Verve / Universal Music
CD 00602445427857 / 2-LP 00602445427826
VÖ: 24.06.2022
  1. Baghon Main (feat. Darian Donovan Thomas) (Arooj Aftab) 6:44
  2. Diya Hai (feat. Badi Assad) (Arooj Aftab) 5:40
  3. Inayaat (Arooj Aftab) 7:47
  4. Last Night (Arooj Aftab) 5:58
  5. Mohabbat (Arooj Aftab) 7:42
  6. Saans Lo (Arooj Aftab, Annie Ali Khan) 7:31
  7. Suroor (Arooj Aftab) 5:12
  8. Udhero Na feat. Anoushka Shankar (Arooj Aftab) 5:03
Arooj Aftab - Vocals / Maeve Gilchrist – Harp / Darian Donovan Thomas – Violin
Petros Klampanis – Double Bass & Piano / Juliette Jones – Violin / Lady Jess – Violin
Jarvis Benson – Viola / Malcom Parson – Cello / Badi Assad – Guitar
Nadje Noordhuis – Flugelhorn / Bhrigu Sahni – Guitar / Mario Carrillio – Double Bass
Jorn Bielfeldt – Drums / Jamey Haddad – Percussion / Gyan Riley – Guitar / Kenji
Herbert – Guitar / Anoushka Shankar – Sitar on track 8
Neu auf Verve: die pakistanische Sängerin und Komponistin Arooj Aftab, die kunstvoll und außerordentlich erfolgreich die Musik ihrer Heimat mit westlichen Klängen wie Minimal Music und Jazz verbindet. Für ihre stimmungsvoll meditative Musik wurde die seit 2005 in den USA lebende Künstlerin bei den Grammy Awards 2022 als „Best New Artist“ nominiert. Ihr drittes Album „Vulture Prince”, mit dem sie ihren internationalen Durchbruch feierte, erscheint jetzt neu als Deluxe Edition mit einem Bonustrack und als Special Guest Anoushka Shankar an der Sitar.
FIRST PAKISTANI WOMAN EVER NOMINATED AT THE GRAMMY AWARDS®
Gifted composer Arooj Aftab’s remarkable year of global recognition has culminated in two
GRAMMY® Award Nominations: Best Global Music Performance and Best New Artist.
After releasing her breakthrough album Vulture Prince on New Amsterdam Records last April, Aftab now signs to the iconic Verve Records for both the current album and future recordings.
 
 Arooj Aftab, who was born in Pakistan and now lives in Brooklyn, carries an ancient verse form, the ghazal, toward the West . . . The song doesn’t bridge two worlds; it creates its own.” - The New York Times
 “At the center of it all is Aftab’s powerful voice, suffused in a sorrow so deep that it seeps into your bones.” - Pitchfork, Best New Music
 “poetic songs of grief and desire that follow paths blazed by the likes of Abida Parveen and Nusrat Fateh Ali Khan (as well as Jeff Buckley, a Nusrat devotee).
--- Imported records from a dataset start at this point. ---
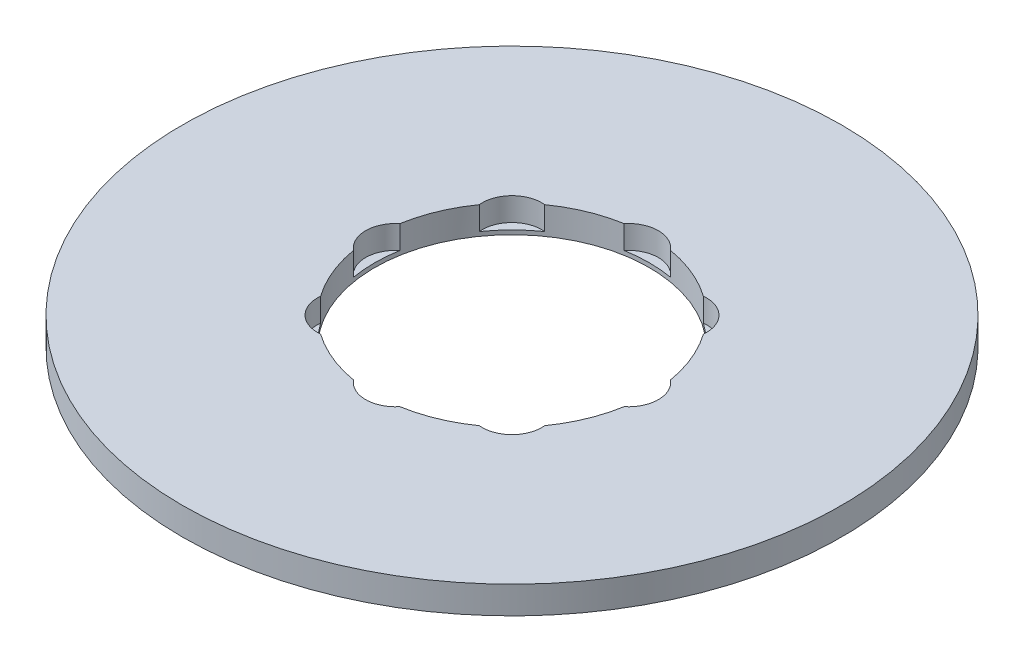
ISO-10303-21;
HEADER;
FILE_DESCRIPTION(('STEP AP214'),'2;1');
FILE_NAME('part.step','',(''),(''),'','','');
FILE_SCHEMA(('AUTOMOTIVE_DESIGN { 1 0 10303 214 1 1 1 1 }'));
ENDSEC;
DATA;
#1=APPLICATION_CONTEXT('core data for automotive mechanical design processes');
#2=APPLICATION_PROTOCOL_DEFINITION('international standard','automotive_design',2000,#1);
#3=PRODUCT_CONTEXT('',#1,'mechanical');
#4=PRODUCT('Part','Part','',(#3));
#5=PRODUCT_RELATED_PRODUCT_CATEGORY('part','',(#4));
#6=PRODUCT_DEFINITION_FORMATION('','',#4);
#7=PRODUCT_DEFINITION_CONTEXT('part definition',#1,'design');
#8=PRODUCT_DEFINITION('design','',#6,#7);
#9=PRODUCT_DEFINITION_SHAPE('','',#8);
#10=(LENGTH_UNIT() NAMED_UNIT(*) SI_UNIT(.MILLI.,.METRE.));
#11=(NAMED_UNIT(*) PLANE_ANGLE_UNIT() SI_UNIT($,.RADIAN.));
#12=(NAMED_UNIT(*) SI_UNIT($,.STERADIAN.) SOLID_ANGLE_UNIT());
#13=UNCERTAINTY_MEASURE_WITH_UNIT(LENGTH_MEASURE(1.E-05),#10,'distance_accuracy_value','');
#14=(GEOMETRIC_REPRESENTATION_CONTEXT(3) GLOBAL_UNCERTAINTY_ASSIGNED_CONTEXT((#13)) GLOBAL_UNIT_ASSIGNED_CONTEXT((#10,
#11,#12)) REPRESENTATION_CONTEXT('',''));
#15=CARTESIAN_POINT('',(0.,0.,0.));
#16=DIRECTION('',(0.,0.,1.));
#17=DIRECTION('',(1.,0.,0.));
#18=AXIS2_PLACEMENT_3D('',#15,#16,#17);
#19=CARTESIAN_POINT('',(0.,5.,0.));
#20=DIRECTION('',(0.,-1.,0.));
#21=DIRECTION('',(0.,0.,-1.));
#22=AXIS2_PLACEMENT_3D('',#19,#20,#21);
#23=CYLINDRICAL_SURFACE('',#22,60.);
#24=CARTESIAN_POINT('',(0.,5.,0.));
#25=DIRECTION('',(0.,1.,0.));
#26=DIRECTION('',(0.,0.,1.));
#27=AXIS2_PLACEMENT_3D('',#24,#25,#26);
#28=CIRCLE('',#27,60.);
#29=CARTESIAN_POINT('',(0.,5.,60.));
#30=VERTEX_POINT('',#29);
#31=EDGE_CURVE('E183',#30,#30,#28,.T.);
#32=ORIENTED_EDGE('',*,*,#31,.F.);
#33=EDGE_LOOP('',(#32));
#34=FACE_BOUND('',#33,.T.);
#35=CARTESIAN_POINT('',(0.,0.,0.));
#36=DIRECTION('',(0.,1.,0.));
#37=DIRECTION('',(0.,0.,1.));
#38=AXIS2_PLACEMENT_3D('',#35,#36,#37);
#39=CIRCLE('',#38,60.);
#40=CARTESIAN_POINT('',(0.,0.,60.));
#41=VERTEX_POINT('',#40);
#42=EDGE_CURVE('E182',#41,#41,#39,.T.);
#43=ORIENTED_EDGE('',*,*,#42,.T.);
#44=EDGE_LOOP('',(#43));
#45=FACE_BOUND('',#44,.T.);
#46=ADVANCED_FACE('F39',(#34,#45),#23,.T.);
#47=CARTESIAN_POINT('',(0.,5.,0.));
#48=DIRECTION('',(0.,1.,0.));
#49=DIRECTION('',(0.,0.,1.));
#50=AXIS2_PLACEMENT_3D('',#47,#48,#49);
#51=PLANE('',#50);
#52=CARTESIAN_POINT('',(0.,5.,21.2127378041216));
#53=DIRECTION('',(0.,1.,0.));
#54=DIRECTION('',(1.,0.,0.));
#55=AXIS2_PLACEMENT_3D('',#52,#53,#54);
#56=CIRCLE('',#55,5.4331735397557);
#57=CARTESIAN_POINT('',(-4.21397044562029,5.,24.6422899318111));
#58=VERTEX_POINT('',#57);
#59=CARTESIAN_POINT('',(4.21397044562046,5.,24.6422899318111));
#60=VERTEX_POINT('',#59);
#61=EDGE_CURVE('E256',#58,#60,#56,.T.);
#62=ORIENTED_EDGE('',*,*,#61,.F.);
#63=CARTESIAN_POINT('',(0.,5.,0.));
#64=DIRECTION('',(0.,1.,0.));
#65=DIRECTION('',(0.,0.,1.));
#66=AXIS2_PLACEMENT_3D('',#63,#64,#65);
#67=CIRCLE('',#66,25.);
#68=CARTESIAN_POINT('',(-14.4450032369307,5.,20.4044573925665));
#69=VERTEX_POINT('',#68);
#70=EDGE_CURVE('E175',#69,#58,#67,.T.);
#71=ORIENTED_EDGE('',*,*,#70,.F.);
#72=CARTESIAN_POINT('',(-14.9996707488266,5.,14.9996707488266));
#73=DIRECTION('',(0.,1.,0.));
#74=DIRECTION('',(0.707106781186549,0.,0.707106781186546));
#75=AXIS2_PLACEMENT_3D('',#72,#73,#74);
#76=CIRCLE('',#75,5.4331735397557);
#77=CARTESIAN_POINT('',(-20.4044573925664,5.,14.4450032369308));
#78=VERTEX_POINT('',#77);
#79=EDGE_CURVE('E152',#78,#69,#76,.T.);
#80=ORIENTED_EDGE('',*,*,#79,.F.);
#81=CARTESIAN_POINT('',(-24.6422899318111,5.,4.21397044562038));
#82=VERTEX_POINT('',#81);
#83=EDGE_CURVE('E168',#82,#78,#67,.T.);
#84=ORIENTED_EDGE('',*,*,#83,.F.);
#85=CARTESIAN_POINT('',(-21.2127378041216,5.,0.));
#86=DIRECTION('',(0.,1.,0.));
#87=DIRECTION('',(0.,0.,1.));
#88=AXIS2_PLACEMENT_3D('',#85,#86,#87);
#89=CIRCLE('',#88,5.4331735397557);
#90=CARTESIAN_POINT('',(-24.6422899318111,5.,-4.21397044562038));
#91=VERTEX_POINT('',#90);
#92=EDGE_CURVE('E205',#91,#82,#89,.T.);
#93=ORIENTED_EDGE('',*,*,#92,.F.);
#94=CARTESIAN_POINT('',(-20.4044573925666,5.,-14.4450032369305));
#95=VERTEX_POINT('',#94);
#96=EDGE_CURVE('E181',#95,#91,#67,.T.);
#97=ORIENTED_EDGE('',*,*,#96,.F.);
#98=CARTESIAN_POINT('',(-14.9996707488268,5.,-14.9996707488264));
#99=DIRECTION('',(0.,1.,0.));
#100=DIRECTION('',(-0.707106781186539,0.,0.707106781186556));
#101=AXIS2_PLACEMENT_3D('',#98,#99,#100);
#102=CIRCLE('',#101,5.4331735397557);
#103=CARTESIAN_POINT('',(-14.445003236931,5.,-20.4044573925663));
#104=VERTEX_POINT('',#103);
#105=EDGE_CURVE('E453',#104,#95,#102,.T.);
#106=ORIENTED_EDGE('',*,*,#105,.F.);
#107=CARTESIAN_POINT('',(-4.21397044562063,5.,-24.642289931811));
#108=VERTEX_POINT('',#107);
#109=EDGE_CURVE('E189',#108,#104,#67,.T.);
#110=ORIENTED_EDGE('',*,*,#109,.F.);
#111=CARTESIAN_POINT('',(-2.22191634566588E-13,5.,-21.2127378041216));
#112=DIRECTION('',(0.,1.,0.));
#113=DIRECTION('',(-1.,0.,0.));
#114=AXIS2_PLACEMENT_3D('',#111,#112,#113);
#115=CIRCLE('',#114,5.4331735397557);
#116=CARTESIAN_POINT('',(4.21397044562012,5.,-24.6422899318111));
#117=VERTEX_POINT('',#116);
#118=EDGE_CURVE('E462',#117,#108,#115,.T.);
#119=ORIENTED_EDGE('',*,*,#118,.F.);
#120=CARTESIAN_POINT('',(14.4450032369306,5.,-20.4044573925666));
#121=VERTEX_POINT('',#120);
#122=EDGE_CURVE('E197',#121,#117,#67,.T.);
#123=ORIENTED_EDGE('',*,*,#122,.F.);
#124=CARTESIAN_POINT('',(14.9996707488265,5.,-14.9996707488267));
#125=DIRECTION('',(0.,1.,0.));
#126=DIRECTION('',(-0.707106781186554,0.,-0.707106781186541));
#127=AXIS2_PLACEMENT_3D('',#124,#125,#126);
#128=CIRCLE('',#127,5.4331735397557);
#129=CARTESIAN_POINT('',(20.4044573925663,5.,-14.4450032369309));
#130=VERTEX_POINT('',#129);
#131=EDGE_CURVE('E470',#130,#121,#128,.T.);
#132=ORIENTED_EDGE('',*,*,#131,.F.);
#133=CARTESIAN_POINT('',(24.6422899318111,5.,-4.21397044562038));
#134=VERTEX_POINT('',#133);
#135=EDGE_CURVE('E489',#134,#130,#67,.T.);
#136=ORIENTED_EDGE('',*,*,#135,.F.);
#137=CARTESIAN_POINT('',(21.2127378041216,5.,0.));
#138=DIRECTION('',(0.,1.,0.));
#139=DIRECTION('',(0.,0.,-1.));
#140=AXIS2_PLACEMENT_3D('',#137,#138,#139);
#141=CIRCLE('',#140,5.4331735397557);
#142=CARTESIAN_POINT('',(24.6422899318111,5.,4.21397044562038));
#143=VERTEX_POINT('',#142);
#144=EDGE_CURVE('E476',#143,#134,#141,.T.);
#145=ORIENTED_EDGE('',*,*,#144,.F.);
#146=CARTESIAN_POINT('',(20.4044573925665,5.,14.4450032369306));
#147=VERTEX_POINT('',#146);
#148=EDGE_CURVE('E491',#147,#143,#67,.T.);
#149=ORIENTED_EDGE('',*,*,#148,.F.);
#150=CARTESIAN_POINT('',(14.9996707488267,5.,14.9996707488265));
#151=DIRECTION('',(0.,1.,0.));
#152=DIRECTION('',(0.707106781186544,0.,-0.707106781186551));
#153=AXIS2_PLACEMENT_3D('',#150,#151,#152);
#154=CIRCLE('',#153,5.4331735397557);
#155=CARTESIAN_POINT('',(14.4450032369308,5.,20.4044573925664));
#156=VERTEX_POINT('',#155);
#157=EDGE_CURVE('E475',#156,#147,#154,.T.);
#158=ORIENTED_EDGE('',*,*,#157,.F.);
#159=EDGE_CURVE('E190',#60,#156,#67,.T.);
#160=ORIENTED_EDGE('',*,*,#159,.F.);
#161=EDGE_LOOP('',(#62,#71,#80,#84,#93,#97,#106,#110,#119,#123,#132,#136,#145,#149,#158,#160));
#162=FACE_BOUND('',#161,.T.);
#163=ORIENTED_EDGE('',*,*,#31,.T.);
#164=EDGE_LOOP('',(#163));
#165=FACE_BOUND('',#164,.T.);
#166=ADVANCED_FACE('F170',(#162,#165),#51,.T.);
#167=CARTESIAN_POINT('',(0.,0.,0.));
#168=DIRECTION('',(0.,1.,0.));
#169=DIRECTION('',(0.,0.,1.));
#170=AXIS2_PLACEMENT_3D('',#167,#168,#169);
#171=PLANE('',#170);
#172=CARTESIAN_POINT('',(0.,0.,0.));
#173=DIRECTION('',(0.,1.,0.));
#174=DIRECTION('',(0.,0.,1.));
#175=AXIS2_PLACEMENT_3D('',#172,#173,#174);
#176=CIRCLE('',#175,25.);
#177=CARTESIAN_POINT('',(0.,0.,25.));
#178=VERTEX_POINT('',#177);
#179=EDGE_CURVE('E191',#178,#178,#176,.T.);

To say she’s a worthy heir is hardly an overstatement; the songs on Vulture Prince swoon, stun and hypnotize, while never traversing the same terrain twice.” - NPR, Best Albums of 2021
 “As she does throughout the album Aftab transforms suffering into rhapsodic beauty with her exquisite, elastic phrasing, translating pain into acceptance as each song unfolds.” - Bandcamp, Album of the Day
INFO
“Sometimes you’re just going through the shitiest phase of your life, and music kind of saves you,” says Arooj Aftab. She’s addressing a period when the creative ideas that would form the backbone of her critically acclaimed 2021 album,Vulture Prince, were beginning to truly fuse together, coalescing into visionary new sounds. Yet Arooj could just as easily be referencing the effect that Vulture Prince has had on many listeners. This allegorical song-cycle which centers on disappearance and waiting, arrived at a time of great sorrow throughout the land, brimming with lush compositions full of gorgeous melodies, that crossed barriers of language (it is sung mostly in Urdu), sonic tradition, and temporal points of view. Listening to Vulture Prince at a moment when the world was undergoing convulsive change and loss, presented an unlikely salve.
The 36 year-old Aftab is a singer, composer, producer and bandleader of enormous intuition and musical dexterity. Her artistry is an organic product of the 21st century world, as reliant on her love of South Asian folk and classical forms, as well as Western folk-rock melodies, as on jazz history and electronic music textures. Arooj calls the different aspects of her visions “organically overlapping,” results of the “amalgamation of places that I’ve lived in and people I’ve met musically.” Though Vulture Prince is officially her third release, it is the first fully fledged result of her broadening perception of social sound and vision — a prospectively designed expression mirroring her life’s creative biography, the sign of a great artist making something instantly recognizable as a great work. New York Times recognized it as such, calling it “quietly haunting.” So too did the critic Peter Margasak, who called the album “stunning” in his Bandcamp Daily review; and Pitchfork gave it their ‘Best New Music’ stamp of approval, calling Vulture Prince “an incandescent love letter to the light.”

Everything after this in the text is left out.